TELL HN: Post your ideas - hajrice

I have a lot of ideas, some of which are validated, some aren't. But a lot of them represent a good opportunity in my opinion.<p>Post your idea which you'd like built but dont have time.
======
hajrice
\- Design editor on teh go. You upload ur PSD, and u can edit the psd with ur
team like select a portion of the image, insert text and save.

\- WhatWill5DollarsGetMe.com - A very simple(without login) way for people to
submit what $5 will get them around the globe.

\- Groupon but for deals which will make a loved one remember you /
relationship building tool. Like Manpacks or

\- Replica of MacHeist, using their previous deals. FOr instance, what was for
them in December you do in January or February, etc.

\- A better google analytics tool which focuses on sales and SaaS websites

\- Something to do with all the emails at <http://www.skymem.com/>

\- business dashboard

\- awebder.com competitor …. see use of it here: <http://mixergy.com/dane-
maxwell-zannee-interview/> at 25:00 minute

\- turbotax alternative for small businesses / entrepreneurs / consumers

\- replica of salesforce chatter(BIG market, proven idea, easy to build)

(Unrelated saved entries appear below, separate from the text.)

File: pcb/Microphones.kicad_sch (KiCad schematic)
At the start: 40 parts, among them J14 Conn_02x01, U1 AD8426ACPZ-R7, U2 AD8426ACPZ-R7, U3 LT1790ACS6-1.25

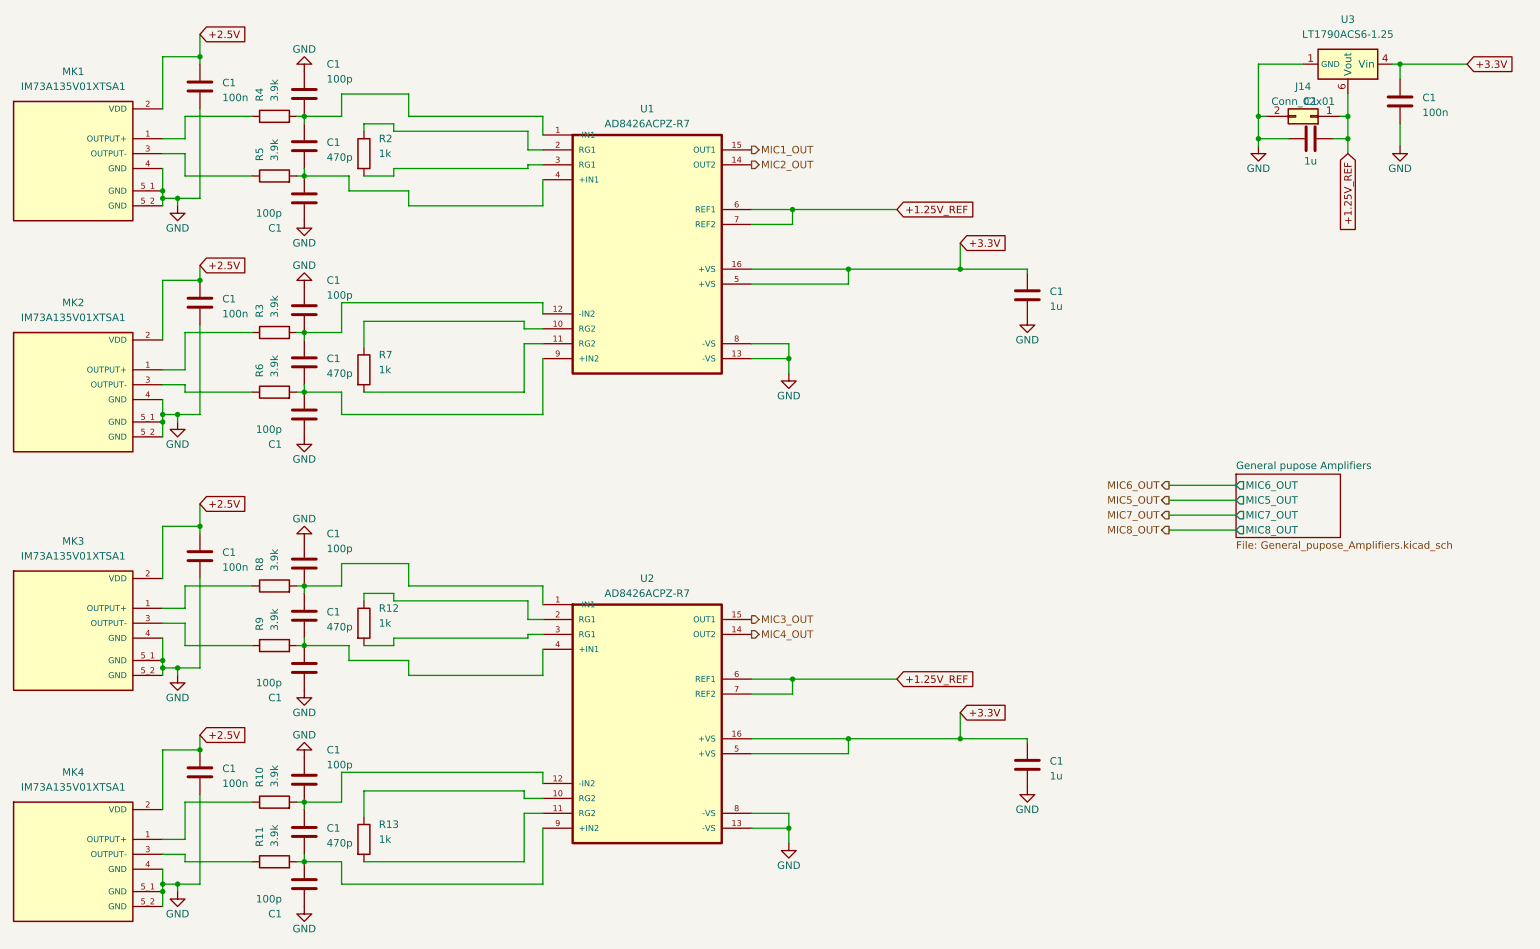
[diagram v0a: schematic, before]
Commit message: feat: Reorganize PCB project
Include all 3D step files
Refactor all folders for symbolds and footprints
Add missing datasheets
Link all symbols in KiCad projects
Rename the project to SensEdu
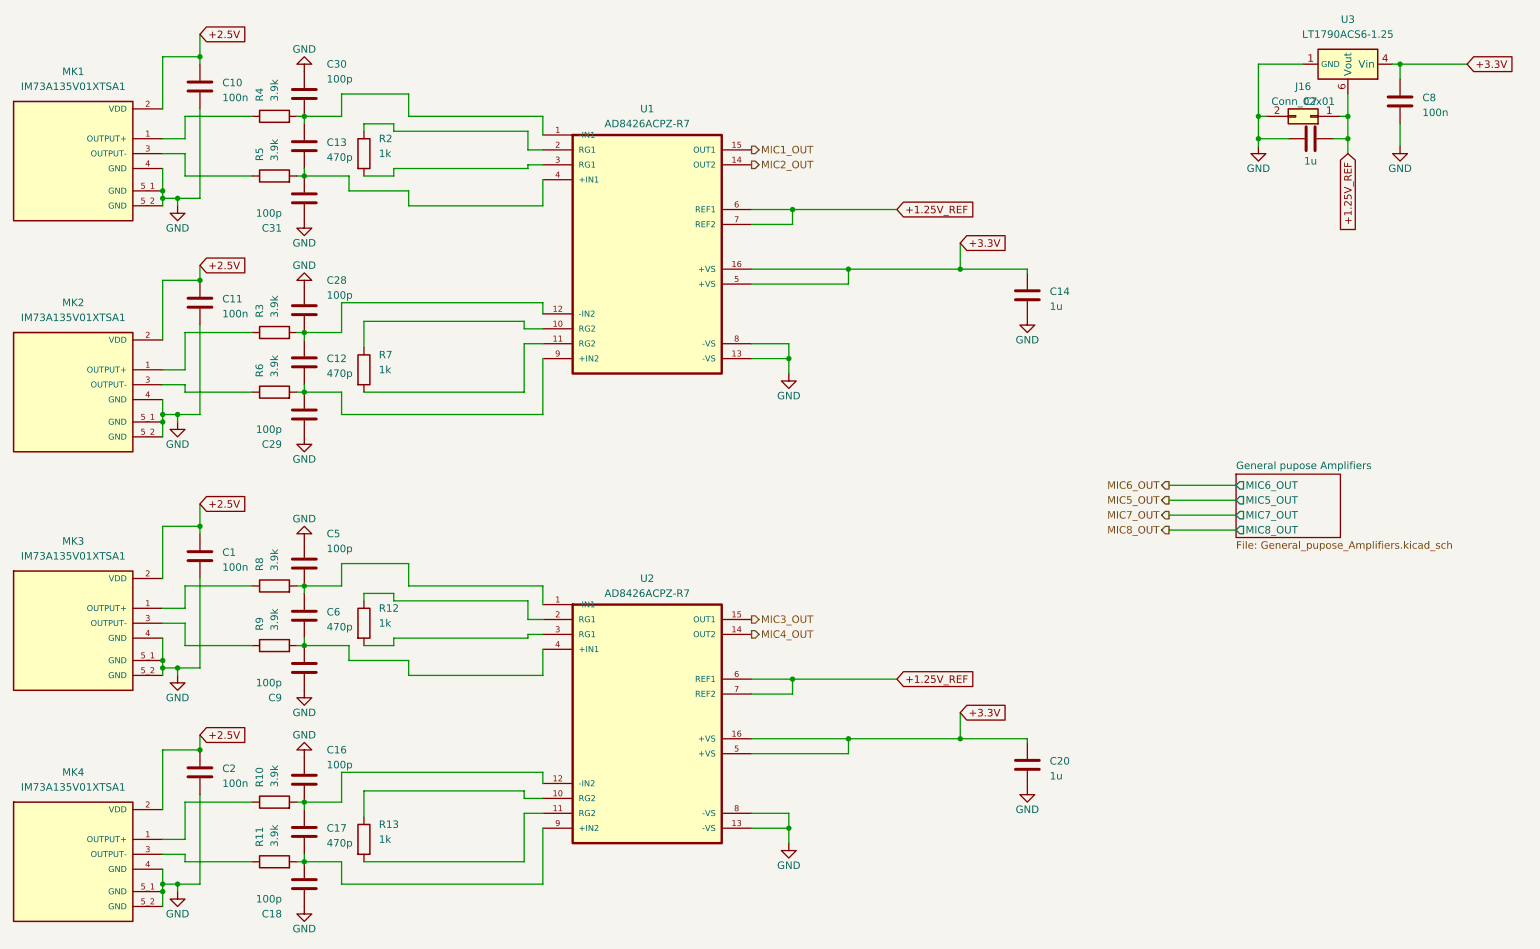
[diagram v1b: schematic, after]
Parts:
- renumbered C1 to C10, C1 to C11, C1 to C12, C1 to C13, C1 to C14, C1 to C16, C1 to C17, C1 to C18, C1 to C2, C1 to C20, C1 to C28, C1 to C29, C1 to C30, C1 to C31, C1 to C5, C1 to C6, C1 to C7, C1 to C8, C1 to C9, J14 to J16

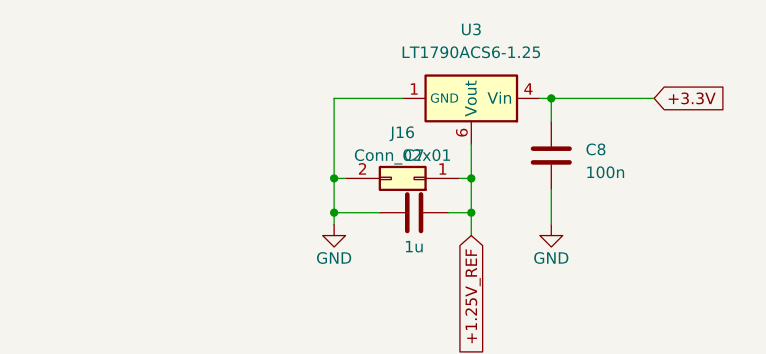
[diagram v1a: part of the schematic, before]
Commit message: feat: Fix DRC errors and warnings
Updated footprint links
Updated schematic symbol for LT1790 to remove warnings
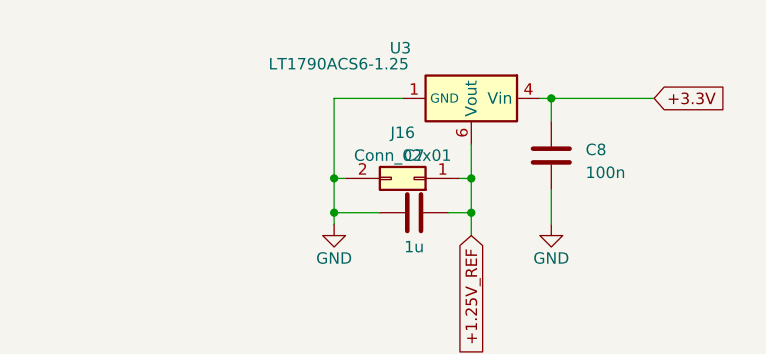
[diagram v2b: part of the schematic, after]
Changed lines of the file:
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@@
 		(on_board yes)
 		(dnp no)
-		(fields_autoplaced yes)
 		(property "Reference" "U3"
-			(at 254 15.24 90)
+			(at 246.126 17.272 90)
 			(effects
 				(font
@@
 		)
 		(property "Value" "LT1790ACS6-1.25"
-			(at 254 17.78 90)
+			(at 239.268 19.05 90)
 			(effects
 				(font
@@
 		(pin "6"
 		)
+		(pin "5"
+		)
+		(pin "3"
+		)
 		(instances

\- dropbox alternative which syncs in your Gdocs account. Price: one
time/monthly

\- dont make me think bulletpoints on the left and ur website on the right. u
enter ur website and boom, u get a UX checklist to see if ur website needs to
be worked on.

\- $5/month repo of PSDS from designers. Sorta like WooThemes

\- rails bootcamp seminar; learn rails in 7days at $299. <\-- Might be working
on this soon

\- cloud email parser(forward an entire email conversation and it returns
threads and removes the signature).

------
stray
Flying car.